## [RECORDS TO PROCESS]
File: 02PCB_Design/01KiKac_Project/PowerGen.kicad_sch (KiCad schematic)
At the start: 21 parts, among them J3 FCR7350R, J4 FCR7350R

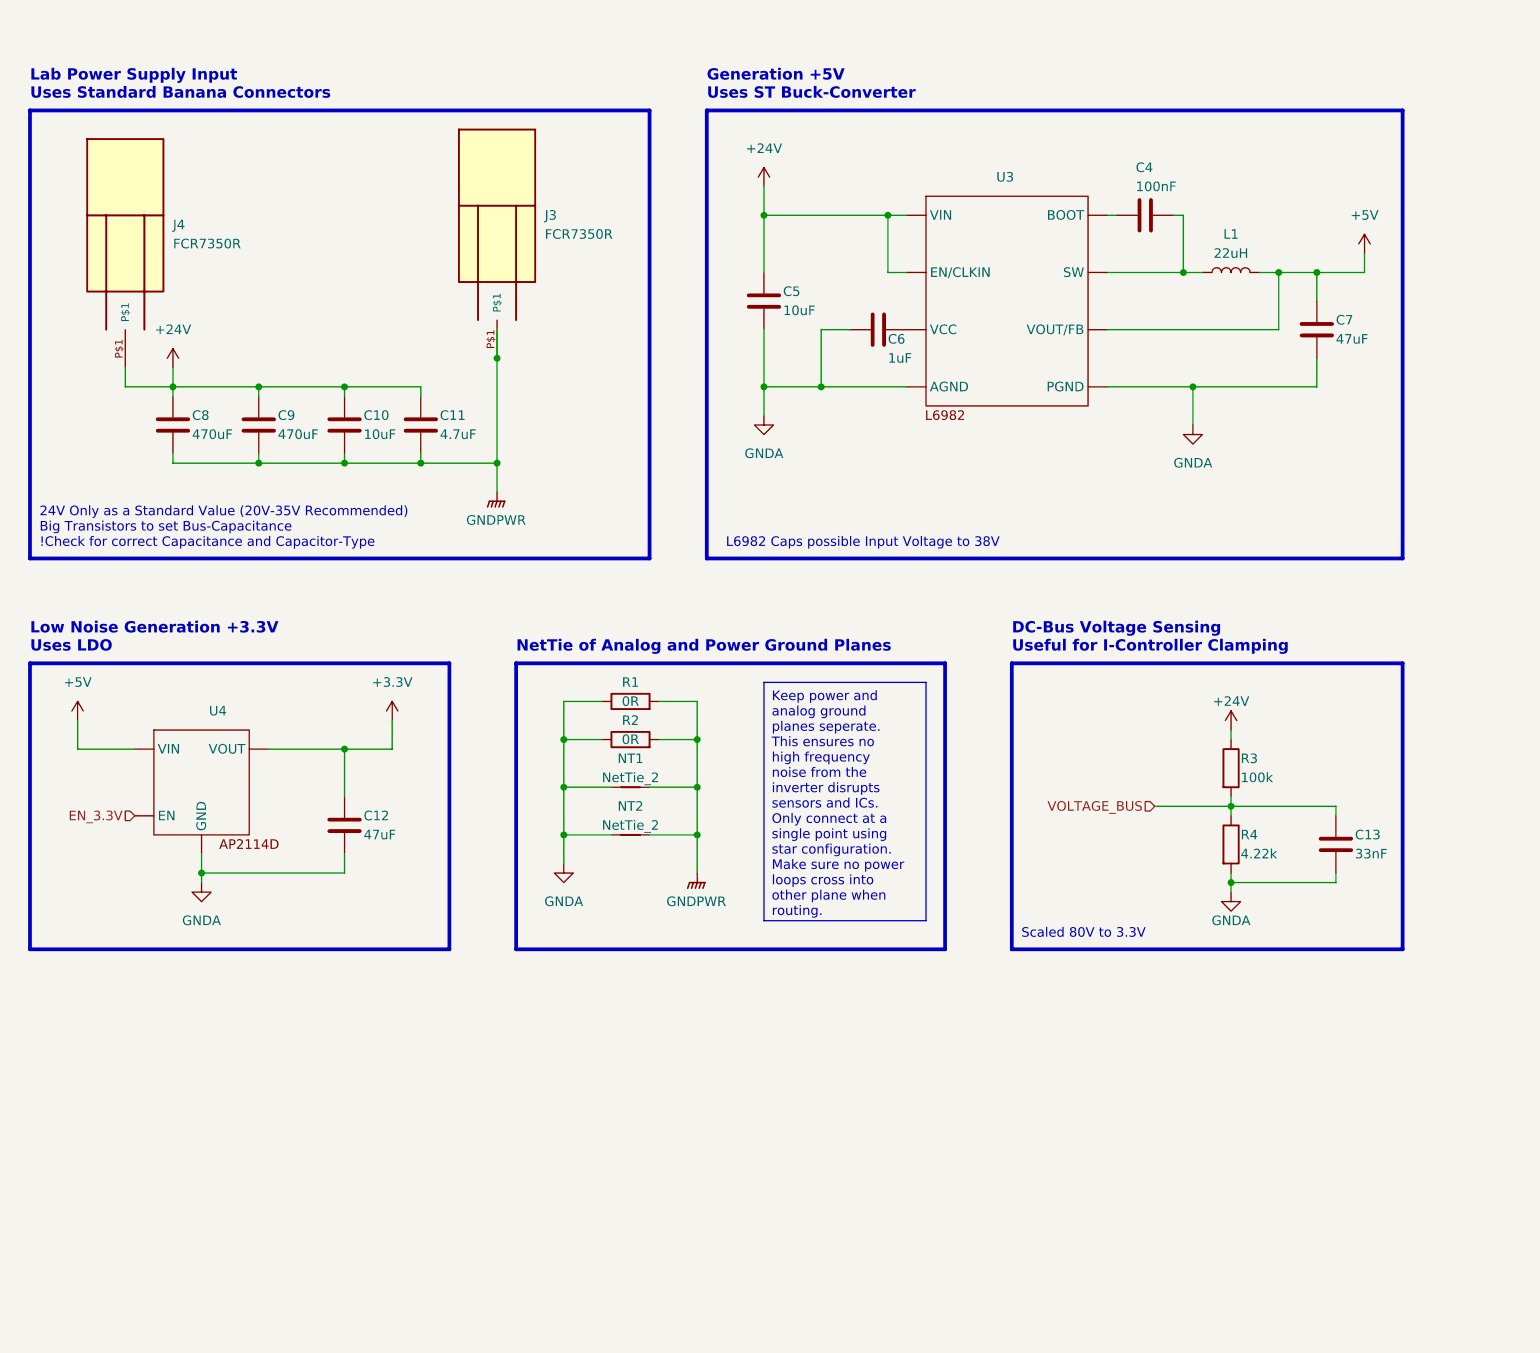
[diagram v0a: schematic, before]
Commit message: added CAN + minor changes
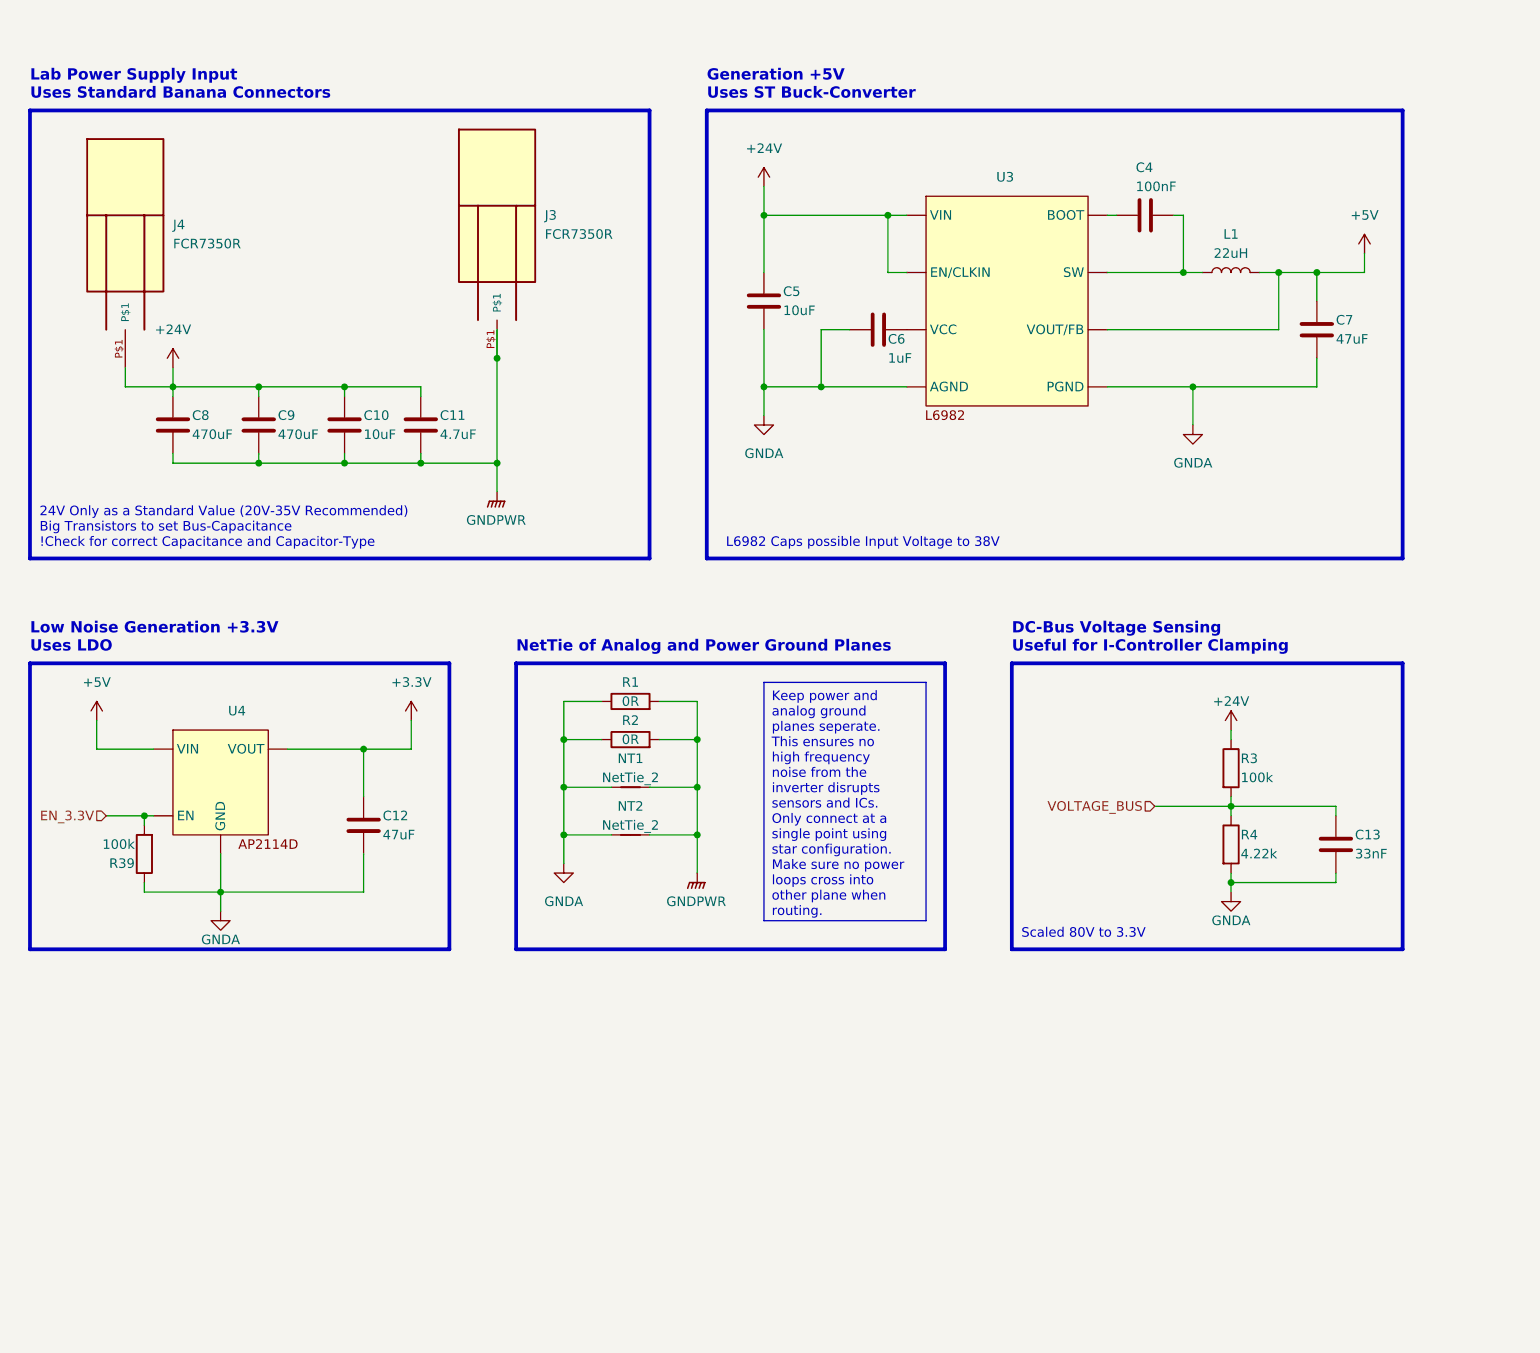
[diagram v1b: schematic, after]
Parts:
- added R39: 100k, Resistor_SMD:R_0402_1005Metric_Pad0.72x0.64mm_HandSolder, symbol Device:R
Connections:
- net EN_3.3V: now also R39.2
- net GNDA: now also R39.1
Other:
- moved on the sheet: C12

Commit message: cleanup
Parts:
- added C10, C11, C13: 10uF, Capacitor_THT:C_Axial_L5.1mm_D3.1mm_P7.50mm_Horizontal, symbol Device:C
- C8: now not fitted
- renumbered C10 to C12, C11 to C14, C12 to C15, C13 to C16, R1 to R5, R2 to R6, R3 to R7, R4 to R8, R39 to R9
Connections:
- net +24V: now also C10.1, C11.1, C13.1
- net GNDPWR: now also C10.2, C11.2, C13.2
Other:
- note added: "24V Only as a Standard Value (20V-35V Recommended) Big Capacitors to set Bus-Capacitance (514.7 uF)"
- note removed: "24V Only as a Standard Value (20V-35V Recommended) Big Transistors to set Bus-Capacitance !Check for correct Capacitance and Capacitor-Type"
- moved on the sheet: C12, C14, C15, C16, C4, C5, C6, C7, C9, J3, J4, L1

## [YOUR OBJECTIVE]
When you reach an image, pass over it, and retype all other material exactly.

## [WRITTEN SOLUTION]
File: 02PCB_Design/01KiKac_Project/PowerGen.kicad_sch (KiCad schematic)
At the start: 21 parts, among them J3 FCR7350R, J4 FCR7350R

[diagram v0a: schematic, before]
Commit message: added CAN + minor changes
[diagram v1b: schematic, after]
Parts:
- added R39: 100k, Resistor_SMD:R_0402_1005Metric_Pad0.72x0.64mm_HandSolder, symbol Device:R
Connections:
- net EN_3.3V: now also R39.2
- net GNDA: now also R39.1
Other:
- moved on the sheet: C12

Commit message: cleanup
Parts:
- added C10, C11, C13: 10uF, Capacitor_THT:C_Axial_L5.1mm_D3.1mm_P7.50mm_Horizontal, symbol Device:C
- C8: now not fitted
- renumbered C10 to C12, C11 to C14, C12 to C15, C13 to C16, R1 to R5, R2 to R6, R3 to R7, R4 to R8, R39 to R9
Connections:
- net +24V: now also C10.1, C11.1, C13.1
- net GNDPWR: now also C10.2, C11.2, C13.2
Other:
- note added: "24V Only as a Standard Value (20V-35V Recommended) Big Capacitors to set Bus-Capacitance (514.7 uF)"
- note removed: "24V Only as a Standard Value (20V-35V Recommended) Big Transistors to set Bus-Capacitance !Check for correct Capacitance and Capacitor-Type"
- moved on the sheet: C12, C14, C15, C16, C4, C5, C6, C7, C9, J3, J4, L1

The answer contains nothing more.